Les “grands” élus de Toulouse et Bordeaux demandent à l'Etat de tenir ses engagements sur la LGV

La LGV Bordeaux-Toulouse doit mettre Toulouse à un peu plus de 3 heures de Paris, / © Maxppp
La LGV Bordeaux-Toulouse doit mettre Toulouse à un peu plus de 3 heures de Paris, / © Maxppp

Dans une déclaration commune, Carole Delga, Alain Rousset, Alain Juppé, Jean-Luc Moudenc et Georges Méric interpellent le chef de l'Etat, le gouvernement et les candidats à la présidentielle pour que la LGV Bordeaux-Toulouse soit enfin sur les rails. Et proposent un mode de financement "innovant". 

Par Fabrice Valery

C'est une déclaration commune dont chaque mot, chaque virgule, ont été soigneusement pesé pour que tous ceux qui y ont apposé leur signature puisse s'y retrouver, malgré des sensibilités politiques différentes.

Carole Delga, présidente PS d'Occitanie, Alain Rousset, président PS de Nouvelle-Aquitaine, Alain Juppé, maire LR de Bordeaux, Jean-Luc Moudenc, maire LR de Toulousen, Georges Méric, président PS du conseil départemental de la Haute-Garonne et Jean-Louis Chauzy président du Conseil économique social et environnemental d'Occitanie ont signé ce vendredi 7 avril une déclaration commune demandant à l'Etat de respecter ses engagements pour la réalisation de la Ligne à Grande Vitesse Bordeaux-Toulouse et proposant un nouveau mode de financement. 

La décision du Gouvernement du 23 Octobre 2013 a retenu comme objectifs une mise en service de Toulouse-Bordeaux en 2024 et Bordeaux-Dax en 2027. Nous rappelons aujourd’hui que cet engagement doit être respecté, il ne saurait y avoir de pause, ni de retour en arrière.
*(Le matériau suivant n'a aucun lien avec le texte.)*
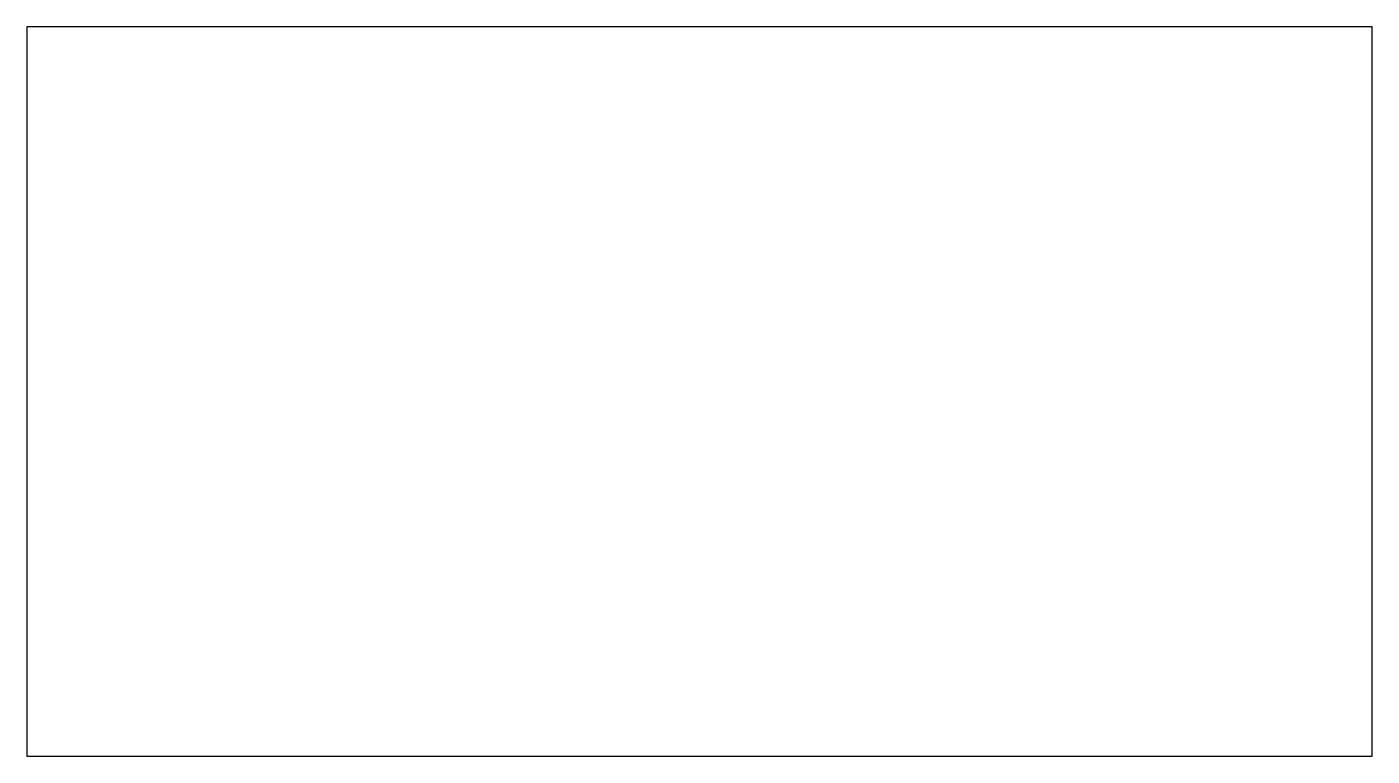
# Model space of a CAD drawing. Header units: millimetres. Extents: x -3 to 186, y -3 to 99.
import ezdxf

# ---------------------------------------------------------------- set-up
doc = ezdxf.new("R2010")
doc.units = ezdxf.units.MM

msp = doc.modelspace()

# ---------------------------------------------------------------- linework, layer by layer
msp.add_lwpolyline([(185.53, 99.25), (-3, 99.25), (-3, -3), (185.53, -3)], close=True)

doc.saveas('drawing.dxf')

L’interconnexion des Métropoles du Grand Sud-Ouest de la France doit être la priorité de l’Etat et du prochain gouvernement


Une déclaration solennelle qui est adressée à François Hollande et au ministre des transports Alain Vidalies. Elle répond aussi aux propos de Guillaume Pépy, le patron de la SNCF, qui a déclaré que "pour le moment, il n'y a pas de nouveau projet de LGV en chantier en France"

Le dossier du financement de la LGV vers Toulouse est à l'arrêt. Les élus annoncent donc qu'ils vont proposer à l'Etat un mode de financement "innovant" sans en préciser les contours : 

Un modèle financier innovant sera proposé à l’Etat par les collectivités concernées avec le soutien des acteurs économiques et sociaux mais aussi des institutions financières française et européenne avec comme seul objectif : le respect des décisions prises, le respect des délais, le respect de la parole publique.


Cette déclaration commune est aussi adressée aux 11 candidats à l'élection présidentielle. En mars dernier, Emmanuel Macron avait jeté le trouble en déclarant que mettre des milliards dans cette ligne vers Toulouse n'était sans doute pas nécessaire, l'aéroport et la navette entre Toulouse et Paris fonctionnant très bien. Avant de rétropédaler sur ces propos dans la même journée. 

Le maire de Toulouse, Jean-Luc Moudenc, a lancé une pétition en ligne pour soutenir le projet de LGV. Une pétition contestée, tout comme le projets, par les écologistes toulousains, jugeant la LGV trop coûteuse pour un faible gain de temps et préférant un réaménagement à moindre coût de la ligne existante. Initialement, le TGV doit arriver à Toulouse en 2024.